Return the chunk numbers in order of relevance (most relevant first).
Question: {query}
{chunks_text}
Ranked chunk numbers (most relevant first):"""
response = anthropic_client.messages.create(
model="claude-3-haiku-20240307",
max_tokens=100,
messages=[{"role": "user", "content": prompt}]
)
# Parse the response
ranked_indices = [
int(x.strip()) - 1
for x in response.content[0].text.split(",")
if x.strip().isdigit()
]
# Reorder candidates
reranked = [candidates[i] for i in ranked_indices if i < len(candidates)]
return reranked[:top_k]
This technique boosted MRR from 0.74 to 0.87 and end-to-end accuracy from 71% to 81%.
Results Summary
| Metric | Basic RAG | + Summary Indexing | + Re-Ranking |
|---|---|---|---|
| Avg Precision | 0.43 | 0.44 | 0.44 |
| Avg Recall | 0.66 | 0.69 | 0.69 |
| Avg F1 | 0.52 | 0.54 | 0.54 |
| Avg MRR | 0.74 | 0.74 | 0.87 |
| End-to-End Accuracy | 71% | 71% | 81% |
Production Considerations
- Rate Limits: Full evaluations may hit rate limits unless you're on Tier 2+. Consider running smaller subsets during development.
- Vector Database: Use a hosted solution (Pinecone, Weaviate, Chroma) for production workloads.
- Embedding Model: Voyage AI's
voyage-2is excellent, but experiment with other models for your domain. - Chunking Strategy: Experiment with different chunk sizes and overlap strategies.
Key Takeaways
- Measure separately: Always evaluate retrieval performance independently from end-to-end answer quality. This helps you pinpoint where improvements are needed.
- Start simple, then optimize: A basic RAG pipeline works surprisingly well.

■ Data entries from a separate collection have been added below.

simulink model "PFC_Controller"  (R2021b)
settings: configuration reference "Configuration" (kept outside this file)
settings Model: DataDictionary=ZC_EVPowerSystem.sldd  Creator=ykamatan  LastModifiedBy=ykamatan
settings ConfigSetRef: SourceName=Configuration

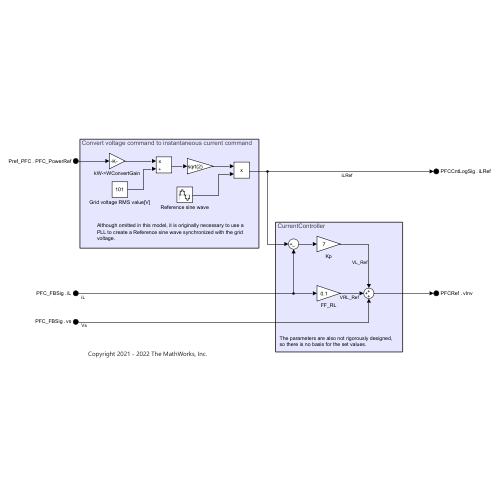
[thumbnail: Simulink's stored preview of the top-level diagram]
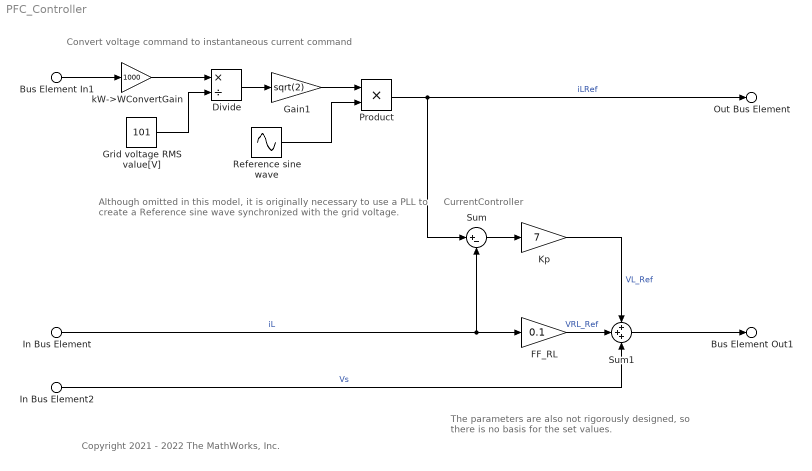
== system PFC_Controller ==
  note: The parameters are also not rigorously designed, so there is no basis for the set values.
  note: Although omitted in this model, it is originally necessary to use a PLL to create a Reference sine wave synchronized with the grid voltage.
  note: CurrentController
  note: Convert voltage command to instantaneous current command
  note: Copyright 2021 - 2022 The MathWorks, Inc.
  Bus Element In1 : Inport  PortName=Pref_PFC  Element=PFC_PowerRef
  In Bus Element2 : Inport  Port=2  PortName=PFC_FBSig  Element=vs
  In Bus Element : Inport  Port=2  PortName=PFC_FBSig  Element=iL
  Divide : Product  Inputs=*/
  FF_RL : Gain  Gain=0.1
  Gain1 : Gain  Gain=sqrt(2)
  Grid voltage RMS value[V] : Constant  Value=101
  Kp : Gain  Gain=7
  Product : Product
  Reference sine wave : Sin  Amplitude=-1  Frequency=2*pi*60  SampleTime=1/10000
  Sum : Sum  Inputs=|+-
  Sum1 : Sum  Inputs=+++
  kW->WConvertGain : Gain  Gain=1000
  Bus Element Out1 : Outport  PortName=PFCRef  Element=vInv
  Out Bus Element : Outport  Port=2  PortName=PFCCntLogSig  Element=iLRef
  wires:
  Sum1/1 -> Bus Element Out1/1
  In Bus Element2/1 -> Sum1/3  "Vs"
  In Bus Element/1 -> Sum/2, FF_RL/1  "iL"
  Product/1 -> Sum/1, Out Bus Element/1  "iLRef"
  Reference sine wave/1 -> Product/2
  Bus Element In1/1 -> kW->WConvertGain/1
  Gain1/1 -> Product/1
  Divide/1 -> Gain1/1
  Grid voltage RMS value[V]/1 -> Divide/2
  kW->WConvertGain/1 -> Divide/1
  Kp/1 -> Sum1/1  "VL_Ref"
  Sum/1 -> Kp/1
  FF_RL/1 -> Sum1/2  "VRL_Ref"

Add complexity (summary indexing, re-ranking) only when metrics show a clear need.
- MRR matters most for user experience: Users care most about whether the first result is relevant. Re-ranking with Claude dramatically improves this metric.
- Synthetic evaluation datasets are powerful: Generate 100-200 Q&A pairs with ground truth chunks and answers. This gives you a repeatable benchmark for measuring improvements.
- Advanced techniques pay off: Summary indexing and re-ranking together improved end-to-end accuracy by 10 percentage points (from 71% to 81%).